Overfitting and underfitting

cosmos 6th March 2017 at 7:42pm
Learning theory

Overfitting and underfitting refer to ways of misstraining a model, i.e., making it have poor generalization error, compared to the optimal model.

Bias-variance tradeoff, see also Relation to bias/variance tradeoff

training error/generalization error

Underfitting. A learning algorithm with a lot of bias, meaning that they impose a lot of a priori structure/assumptions to the fitted functions.
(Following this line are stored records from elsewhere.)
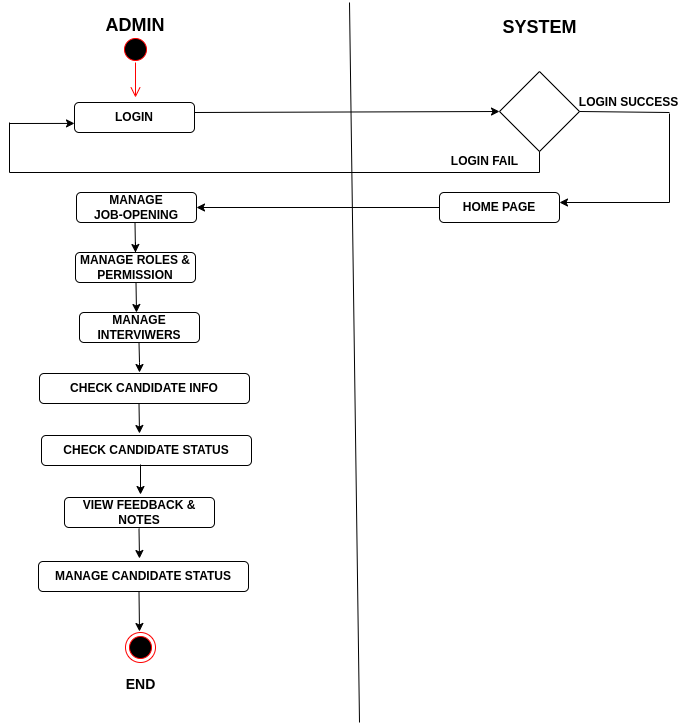

The diagram above was exported from draw.io. Its source (the exported page's mxGraphModel, read from the mxfile embedded in the PNG):
<mxGraphModel dx="796" dy="493" grid="1" gridSize="10" guides="1" tooltips="1" connect="1" arrows="1" fold="1" page="1" pageScale="1" pageWidth="827" pageHeight="1169" math="0" shadow="0">
  <root>
    <mxCell id="0" />
    <mxCell id="1" parent="0" />
    <mxCell id="DDGTXTFWQWoWqFoz3VXF-1" value="" style="ellipse;html=1;shape=startState;fillColor=#000000;strokeColor=#ff0000;" parent="1" vertex="1">
      <mxGeometry x="161" y="32" width="30" height="30" as="geometry" />
    </mxCell>
    <mxCell id="DDGTXTFWQWoWqFoz3VXF-2" value="" style="edgeStyle=orthogonalEdgeStyle;html=1;verticalAlign=bottom;endArrow=open;endSize=8;strokeColor=#ff0000;rounded=0;exitX=0.5;exitY=1;exitDx=0;exitDy=0;" parent="1" edge="1">
      <mxGeometry relative="1" as="geometry">
        <mxPoint x="176" y="95" as="targetPoint" />
        <mxPoint x="176" y="60" as="sourcePoint" />
      </mxGeometry>
    </mxCell>
    <mxCell id="DDGTXTFWQWoWqFoz3VXF-4" value="&lt;b&gt;HOME PAGE&lt;/b&gt;" style="rounded=1;whiteSpace=wrap;html=1;" parent="1" vertex="1">
      <mxGeometry x="480" y="190" width="120" height="30" as="geometry" />
    </mxCell>
    <mxCell id="DDGTXTFWQWoWqFoz3VXF-5" value="&lt;b&gt;LOGIN&lt;/b&gt;" style="rounded=1;whiteSpace=wrap;html=1;" parent="1" vertex="1">
      <mxGeometry x="115" y="100" width="120" height="30" as="geometry" />
    </mxCell>
    <mxCell id="DDGTXTFWQWoWqFoz3VXF-6" value="" style="endArrow=none;html=1;rounded=0;" parent="1" edge="1">
      <mxGeometry width="50" height="50" relative="1" as="geometry">
        <mxPoint x="400" y="720" as="sourcePoint" />
        <mxPoint x="390" as="targetPoint" />
      </mxGeometry>
    </mxCell>
    <mxCell id="DDGTXTFWQWoWqFoz3VXF-7" value="&lt;b&gt;&lt;font style=&quot;font-size: 18px&quot;&gt;ADMIN&lt;/font&gt;&lt;/b&gt;" style="text;html=1;strokeColor=none;fillColor=none;align=center;verticalAlign=middle;whiteSpace=wrap;rounded=0;" parent="1" vertex="1">
      <mxGeometry x="146" y="8" width="60" height="30" as="geometry" />
    </mxCell>
    <mxCell id="DDGTXTFWQWoWqFoz3VXF-8" value="&lt;b&gt;&lt;font style=&quot;font-size: 18px&quot;&gt;SYSTEM&lt;/font&gt;&lt;/b&gt;" style="text;html=1;align=center;verticalAlign=middle;resizable=0;points=[];autosize=1;strokeColor=none;fillColor=none;" parent="1" vertex="1">
      <mxGeometry x="535" y="15" width="90" height="20" as="geometry" />
    </mxCell>
    <mxCell id="DDGTXTFWQWoWqFoz3VXF-10" value="" style="rhombus;whiteSpace=wrap;html=1;" parent="1" vertex="1">
      <mxGeometry x="540" y="69" width="80" height="80" as="geometry" />
    </mxCell>
    <mxCell id="DDGTXTFWQWoWqFoz3VXF-11" value="" style="endArrow=classic;html=1;rounded=0;entryX=0;entryY=0.5;entryDx=0;entryDy=0;" parent="1" target="DDGTXTFWQWoWqFoz3VXF-10" edge="1">
      <mxGeometry width="50" height="50" relative="1" as="geometry">
        <mxPoint x="235" y="110" as="sourcePoint" />
        <mxPoint x="530" y="110" as="targetPoint" />
      </mxGeometry>
    </mxCell>
    <mxCell id="DDGTXTFWQWoWqFoz3VXF-12" value="" style="endArrow=none;html=1;rounded=0;" parent="1" edge="1">
      <mxGeometry width="50" height="50" relative="1" as="geometry">
        <mxPoint x="620" y="109" as="sourcePoint" />
        <mxPoint x="710" y="110" as="targetPoint" />
      </mxGeometry>
    </mxCell>
    <mxCell id="DDGTXTFWQWoWqFoz3VXF-14" value="" style="endArrow=none;html=1;rounded=0;" parent="1" edge="1">
      <mxGeometry width="50" height="50" relative="1" as="geometry">
        <mxPoint x="710" y="111" as="sourcePoint" />
        <mxPoint x="710" y="200" as="targetPoint" />
      </mxGeometry>
    </mxCell>
    <mxCell id="DDGTXTFWQWoWqFoz3VXF-17" value="" style="endArrow=classic;html=1;rounded=0;" parent="1" edge="1">
      <mxGeometry width="50" height="50" relative="1" as="geometry">
        <mxPoint x="710" y="200" as="sourcePoint" />
        <mxPoint x="600" y="200" as="targetPoint" />
      </mxGeometry>
    </mxCell>
    <mxCell id="DDGTXTFWQWoWqFoz3VXF-22" value="" style="endArrow=none;html=1;rounded=0;" parent="1" edge="1">
      <mxGeometry width="50" height="50" relative="1" as="geometry">
        <mxPoint x="580" y="170" as="sourcePoint" />
        <mxPoint x="580" y="149" as="targetPoint" />
      </mxGeometry>
    </mxCell>
    <mxCell id="DDGTXTFWQWoWqFoz3VXF-23" value="" style="endArrow=none;html=1;rounded=0;" parent="1" edge="1">
      <mxGeometry width="50" height="50" relative="1" as="geometry">
        <mxPoint x="50" y="170" as="sourcePoint" />
        <mxPoint x="580" y="170" as="targetPoint" />
      </mxGeometry>
    </mxCell>
    <mxCell id="DDGTXTFWQWoWqFoz3VXF-24" value="" style="endArrow=none;html=1;rounded=0;" parent="1" edge="1">
      <mxGeometry width="50" height="50" relative="1" as="geometry">
        <mxPoint x="50" y="170" as="sourcePoint" />
        <mxPoint x="50" y="120" as="targetPoint" />
      </mxGeometry>
    </mxCell>
    <mxCell id="DDGTXTFWQWoWqFoz3VXF-25" value="" style="endArrow=classic;html=1;rounded=0;" parent="1" edge="1">
      <mxGeometry width="50" height="50" relative="1" as="geometry">
        <mxPoint x="50" y="121" as="sourcePoint" />
        <mxPoint x="115" y="120.91999999999996" as="targetPoint" />
      </mxGeometry>
    </mxCell>
    <mxCell id="DDGTXTFWQWoWqFoz3VXF-28" value="&lt;b&gt;MANAGE&lt;br&gt;JOB-OPENING&lt;br&gt;&lt;/b&gt;" style="rounded=1;whiteSpace=wrap;html=1;" parent="1" vertex="1">
      <mxGeometry x="117" y="190" width="120" height="30" as="geometry" />
    </mxCell>
    <mxCell id="DDGTXTFWQWoWqFoz3VXF-29" value="" style="endArrow=classic;html=1;rounded=0;exitX=0;exitY=0.5;exitDx=0;exitDy=0;entryX=1;entryY=0.5;entryDx=0;entryDy=0;" parent="1" source="DDGTXTFWQWoWqFoz3VXF-4" target="DDGTXTFWQWoWqFoz3VXF-28" edge="1">
      <mxGeometry width="50" height="50" relative="1" as="geometry">
        <mxPoint x="470" y="205" as="sourcePoint" />
        <mxPoint x="240" y="205" as="targetPoint" />
      </mxGeometry>
    </mxCell>
    <mxCell id="DDGTXTFWQWoWqFoz3VXF-30" value="&lt;b&gt;LOGIN SUCCESS&lt;/b&gt;" style="text;html=1;align=center;verticalAlign=middle;resizable=0;points=[];autosize=1;strokeColor=none;fillColor=none;" parent="1" vertex="1">
      <mxGeometry x="614" y="90" width="110" height="20" as="geometry" />
    </mxCell>
    <mxCell id="DDGTXTFWQWoWqFoz3VXF-32" value="&lt;b&gt;LOGIN FAIL&lt;/b&gt;" style="text;html=1;align=center;verticalAlign=middle;resizable=0;points=[];autosize=1;strokeColor=none;fillColor=none;" parent="1" vertex="1">
      <mxGeometry x="485" y="149" width="80" height="20" as="geometry" />
    </mxCell>
    <mxCell id="DDGTXTFWQWoWqFoz3VXF-38" style="edgeStyle=orthogonalEdgeStyle;rounded=0;orthogonalLoop=1;jettySize=auto;html=1;exitX=0.5;exitY=0;exitDx=0;exitDy=0;" parent="1" source="DDGTXTFWQWoWqFoz3VXF-33" edge="1">
      <mxGeometry relative="1" as="geometry">
        <mxPoint x="176" y="260" as="targetPoint" />
        <Array as="points">
          <mxPoint x="176" y="240" />
          <mxPoint x="176" y="240" />
        </Array>
      </mxGeometry>
    </mxCell>
    <mxCell id="DDGTXTFWQWoWqFoz3VXF-33" value="&lt;b&gt;MANAGE ROLES &amp;amp; PERMISSION&lt;br&gt;&lt;/b&gt;" style="rounded=1;whiteSpace=wrap;html=1;" parent="1" vertex="1">
      <mxGeometry x="116" y="250" width="120" height="30" as="geometry" />
    </mxCell>
    <mxCell id="DDGTXTFWQWoWqFoz3VXF-34" value="&lt;b&gt;MANAGE INTERVIWERS&lt;br&gt;&lt;/b&gt;" style="rounded=1;whiteSpace=wrap;html=1;" parent="1" vertex="1">
      <mxGeometry x="120" y="310" width="120" height="30" as="geometry" />
    </mxCell>
    <mxCell id="DDGTXTFWQWoWqFoz3VXF-37" value="" style="endArrow=classic;html=1;rounded=0;" parent="1" edge="1">
      <mxGeometry width="50" height="50" relative="1" as="geometry">
        <mxPoint x="175.5" y="220" as="sourcePoint" />
        <mxPoint x="176" y="250" as="targetPoint" />
      </mxGeometry>
    </mxCell>
    <mxCell id="DDGTXTFWQWoWqFoz3VXF-40" value="" style="endArrow=classic;html=1;rounded=0;" parent="1" edge="1">
      <mxGeometry width="50" height="50" relative="1" as="geometry">
        <mxPoint x="176.5" y="280" as="sourcePoint" />
        <mxPoint x="177" y="310" as="targetPoint" />
      </mxGeometry>
    </mxCell>
    <mxCell id="DDGTXTFWQWoWqFoz3VXF-42" value="" style="endArrow=classic;html=1;rounded=0;" parent="1" edge="1">
      <mxGeometry width="50" height="50" relative="1" as="geometry">
        <mxPoint x="179.5" y="401" as="sourcePoint" />
        <mxPoint x="180" y="431" as="targetPoint" />
      </mxGeometry>
    </mxCell>
    <mxCell id="DDGTXTFWQWoWqFoz3VXF-43" value="" style="endArrow=classic;html=1;rounded=0;" parent="1" edge="1">
      <mxGeometry width="50" height="50" relative="1" as="geometry">
        <mxPoint x="179.5" y="340" as="sourcePoint" />
        <mxPoint x="180" y="370" as="targetPoint" />
        <Array as="points">
          <mxPoint x="180" y="360" />
        </Array>
      </mxGeometry>
    </mxCell>
    <mxCell id="DDGTXTFWQWoWqFoz3VXF-45" value="&lt;b&gt;CHECK CANDIDATE INFO&lt;/b&gt;" style="rounded=1;whiteSpace=wrap;html=1;" parent="1" vertex="1">
      <mxGeometry x="80" y="371" width="210" height="30" as="geometry" />
    </mxCell>
    <mxCell id="DDGTXTFWQWoWqFoz3VXF-49" value="&lt;b&gt;MANAGE CANDIDATE STATUS&lt;/b&gt;" style="rounded=1;whiteSpace=wrap;html=1;" parent="1" vertex="1">
      <mxGeometry x="79" y="559" width="210" height="30" as="geometry" />
    </mxCell>
    <mxCell id="DDGTXTFWQWoWqFoz3VXF-53" value="" style="endArrow=classic;html=1;rounded=0;" parent="1" edge="1">
      <mxGeometry width="50" height="50" relative="1" as="geometry">
        <mxPoint x="179.5" y="526" as="sourcePoint" />
        <mxPoint x="180" y="556" as="targetPoint" />
      </mxGeometry>
    </mxCell>
    <mxCell id="DDGTXTFWQWoWqFoz3VXF-55" value="&lt;b&gt;VIEW FEEDBACK &amp;amp; NOTES&lt;/b&gt;" style="rounded=1;whiteSpace=wrap;html=1;" parent="1" vertex="1">
      <mxGeometry x="105" y="495" width="150" height="30" as="geometry" />
    </mxCell>
    <mxCell id="DDGTXTFWQWoWqFoz3VXF-66" value="" style="endArrow=classic;html=1;rounded=0;" parent="1" edge="1">
      <mxGeometry width="50" height="50" relative="1" as="geometry">
        <mxPoint x="179.5" y="589" as="sourcePoint" />
        <mxPoint x="180" y="629" as="targetPoint" />
      </mxGeometry>
    </mxCell>
    <mxCell id="DDGTXTFWQWoWqFoz3VXF-68" value="" style="ellipse;html=1;shape=endState;fillColor=#000000;strokeColor=#ff0000;" parent="1" vertex="1">
      <mxGeometry x="166" y="630" width="30" height="30" as="geometry" />
    </mxCell>
    <mxCell id="DDGTXTFWQWoWqFoz3VXF-69" value="&lt;b&gt;&lt;font style=&quot;font-size: 14px&quot;&gt;END&lt;/font&gt;&lt;/b&gt;" style="text;html=1;align=center;verticalAlign=middle;resizable=0;points=[];autosize=1;strokeColor=none;fillColor=none;" parent="1" vertex="1">
      <mxGeometry x="156" y="672" width="50" height="20" as="geometry" />
    </mxCell>
    <mxCell id="tDMfEj_ZET0Rg6Cm2fnH-2" value="&lt;b&gt;CHECK CANDIDATE STATUS&lt;/b&gt;" style="rounded=1;whiteSpace=wrap;html=1;" vertex="1" parent="1">
      <mxGeometry x="82" y="433" width="210" height="30" as="geometry" />
    </mxCell>
    <mxCell id="tDMfEj_ZET0Rg6Cm2fnH-4" value="" style="endArrow=classic;html=1;rounded=0;" edge="1" parent="1">
      <mxGeometry width="50" height="50" relative="1" as="geometry">
        <mxPoint x="181" y="462" as="sourcePoint" />
        <mxPoint x="181" y="492" as="targetPoint" />
      </mxGeometry>
    </mxCell>
  </root>
</mxGraphModel>

These, however, tend to have low variance, meaning that the fitted function doesn't tend to vary much when different training data sampled from the same process are used, they are stable

Overfitting. A learning algorithm with low bias (it is more flexible), which however has a lot of variance, as it fits the idiosyncrasies of the data; it fits the noise.

See explanation here and here

Deep Learning Lecture 5: Regularization, model complexity and data complexity (part 2)

So the simplest model that works seems to work best most of the time. Seems like an example of Occam's razor, and thus related to Solomonoff's ideas on inference (see Algorithmic information theory). Epicurus principle also related to Bayesian inference, because we give a distribution over models, but we keep all of them.

Hmm, also your error can't be smaller than the fundamental noise in the data. Well it can, but your model will at best be wasteful then.